Mina do Feijão 'Na hora que olhei para trás, vi vagão voando", recorda sobrevivente

Por: Gladyston Rodrigues -

Por: Márcia Maria Cruz

Por: Estado de Minas

Publicado em: 04/02/2019 13:45 Atualizado em:

Sebastião (esquerda) e Elias (direita) se emocionaram ao encontrar Leandro (centro). Foto: Gladyston Rodrigues
Sebastião (esquerda) e Elias (direita) se emocionaram ao encontrar Leandro (centro). Foto: Gladyston Rodrigues
Os sobreviventes da tsunami da lama da barragem da Mina do Córrego de Feijão estão sob efeito de medicamentos controlados para conseguirem dormir. As imagens da mineradora, tornadas públicas na última sexta-feira (1º), que mostram o momento exato do rompimento, não saem da cabeça do operador de carregadeira Leandro Borges Cândido, de 37 anos, que, milagrosamente, escapou dos rejeitos de metais pesados, misturados à lama e outros destroços, que desceram a 114 quilômetros por hora alcançando em menos de um minuto o local onde estavam os funcionários da Vale, a cerca de 500 metros da barragem.

No momento do colapso da estrutura da Vale, Leandro estava em uma retroescavadeira, que fazia carregamento dos vagões de minério de ferro. Na sexta-feira, o Estado de Minas acompanhou, com exclusividade, o encontro entre Leandro e seus salvadores, os operadores mantenedores de saneamento Sebastião Gomes, de 54 anos, e Elias de Jesus Nunes, de 43.  Os amigos foram visitar Leandro na casa dele no Bairro de Funil em Mário Campo, na Região Metropolitana de Belo Horizonte.
 
Os dois estavam na caminhonete, que vai de um lado para outro, tentando escapar da lama. A caminhonete foi alçada pela lama, ficando parada na parte superficial da barragem que era mais sólida. Felizmente, a parte líquida dos rejeitos não atingiu o veículo.

“Se vocês não estão ali e tivessem o mesmo livramento que eu... Tive dois livramentos. A lama não ter me tampado e vocês estarem ali. Tive dificuldade para respirar. Aqui tampou. Não conseguia respirar pelo nariz”, recordou-se Leandro.  Ele quebrou a perna direita, torceu o tornozelo e teve cortes profundos no braço esquerdo, mas disse que fisicamente está bem.

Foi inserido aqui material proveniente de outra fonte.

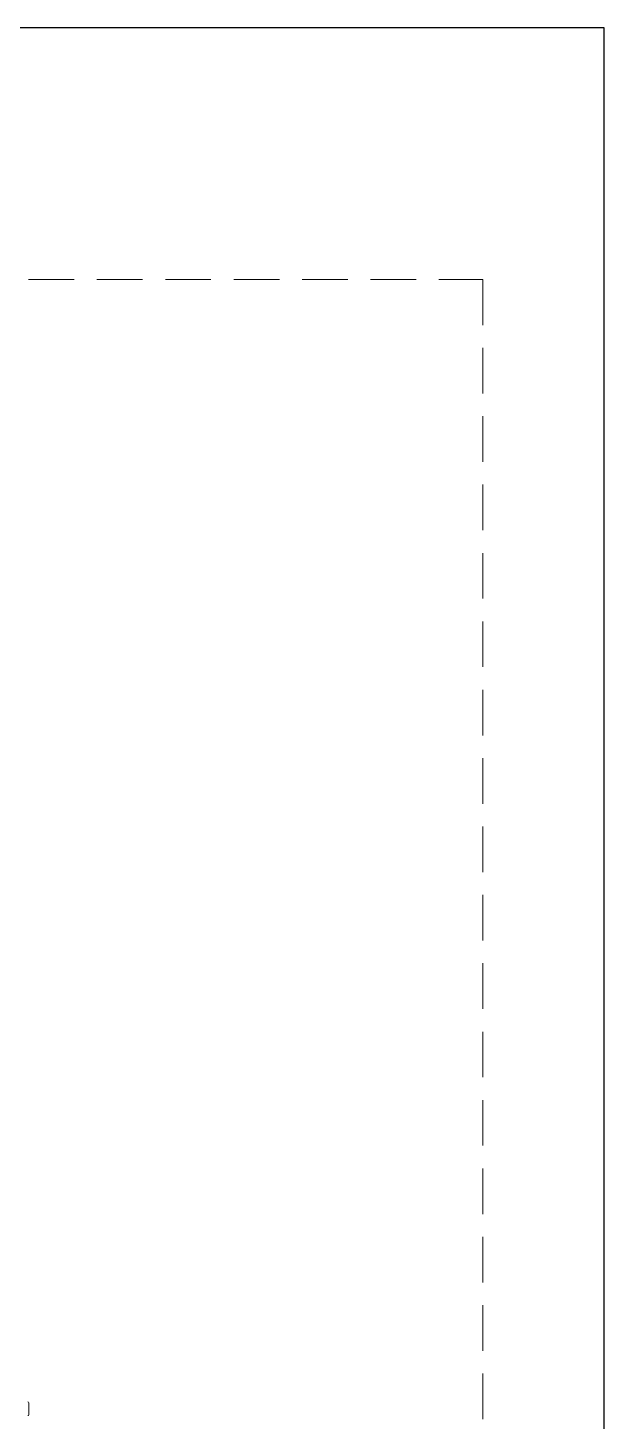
# Model space of a CAD drawing. Header units: inches. Extents: x 67248 to 85686, y -40174 to -31152.
# Drawn here: x 71708 to 72340, y -33457 to -31929 of the extents above; entities that cross this region are included whole.
import ezdxf

# ---------------------------------------------------------------- set-up
doc = ezdxf.new("R2010")
doc.units = ezdxf.units.IN
doc.header["$MEASUREMENT"] = 0
doc.linetypes.add('HIDDEN', pattern=[0.375, 0.25, -0.125])
doc.layers.add('! NO PLOT !', color=7, linetype='Continuous', true_color=0xff75dd, plot=False)
doc.layers.add('SI-General', color=7, linetype='Continuous', lineweight=5)
doc.layers.add('SI-TOPOLOGY-0.00', color=121, linetype='Continuous', lineweight=0)

# ---------------------------------------------------------------- blocks, each defined once
blk = doc.blocks.new('SWITCHf')
blk.add_line((22, -140), (9, -140))
for centre, start, end in [((9, -139), 180, 270), ((22, -139), 270, 0)]:
    blk.add_arc(centre, 1, start, end)

msp = doc.modelspace()

# ---------------------------------------------------------------- linework, layer by layer
at = {"layer": '! NO PLOT !'}
msp.add_lwpolyline([(67659.7, -35013), (70239.7, -35013), (70239.7, -34551), (72339.7, -34551), (72339.7, -31929), (67659.7, -31929), (67659.7, -35013)], dxfattribs=at)
at = {"layer": 'SI-General', "linetype": 'HIDDEN', "ltscale": 200}
msp.add_lwpolyline([(70583.6, -32205), (72206.6, -32205), (72206.6, -33659.1), (70583.6, -33659.1)], close=True, dxfattribs=at)

# ---------------------------------------------------------------- block references
at = {"layer": 'SI-TOPOLOGY-0.00', "rotation": 89.99999999999197}
msp.add_blockref('SWITCHf', (71568.9, -33459.1), dxfattribs=at)

doc.saveas('drawing.dxf')

O mesmo não se pode dizer do aspecto psicológico. “Minha cabeça está ruim demais. Quando estava internado, a psicóloga ia lá no hospital todo dia", afirmou.

Leandro, que é funcionário da Vale há dois anos, ficou praticamente encoberto pela lama. Mal conseguia respirar pela pressão que o rejeito fazia no peito contraindo os pulmões e por a terra ter chegado até o nariz. "É muito rápido. Não dá para ver.  Esses caras foram meus anjos da guarda. Ajudaram demais da conta". Ele diz que pareciam cenas de um filme. “Eu vinha acelerando para trás, quando (a onda de lama) me pegou. Na hora que olhei e vi vagão voando, eu peguei o rádio e gritei: ‘gente, corre, corre’”.

Ao ouvir o estrondo, Leandro, da mesma forma que Elias, pensou que o trem havia descarrilado. “Eu estava trabalhando normal. Eu tinha um monte de vagão para carregar. Quando eu olho vejo a máquina movimentando. Ninguém pediu para máquina movimentar. Quando eu olho para trás, vejo vagões voando”.

Quem assiste às imagens custa a acreditar que eles sobreviveram à tsunami de lama. "Acelerei a máquina toda para trás e vi que ela levantou. Ai pensei: 'vou sair de dentro dessa máquina. Aí tirei o cinto. O parabrisa já quebrou. Se não tivesse tirado o cinto, vocês não iriam me ver.  Fico sem reação de esboçar felicidade de estar vivo sabendo da tragédia dos amigos", diz Leandro. Outro lance de sorte foi o fato de ter ficado preso com o rosto na direção da caminhonete.  Ele gritou por ajuda ao ver os tripulantes da caminhonete.
 
A mãe de Leandro também se emocionou ao encontrar os heróis que salvaram o filho."Operador de carregadeira Leandro - É muito rápido. Não dá para ver.  Esses caras foram meu anjo da guarda. Me ajudaram demais da conta. É funcionário da Vale há dois anos", afirmou Edir Borges Cândido, de 63 anos.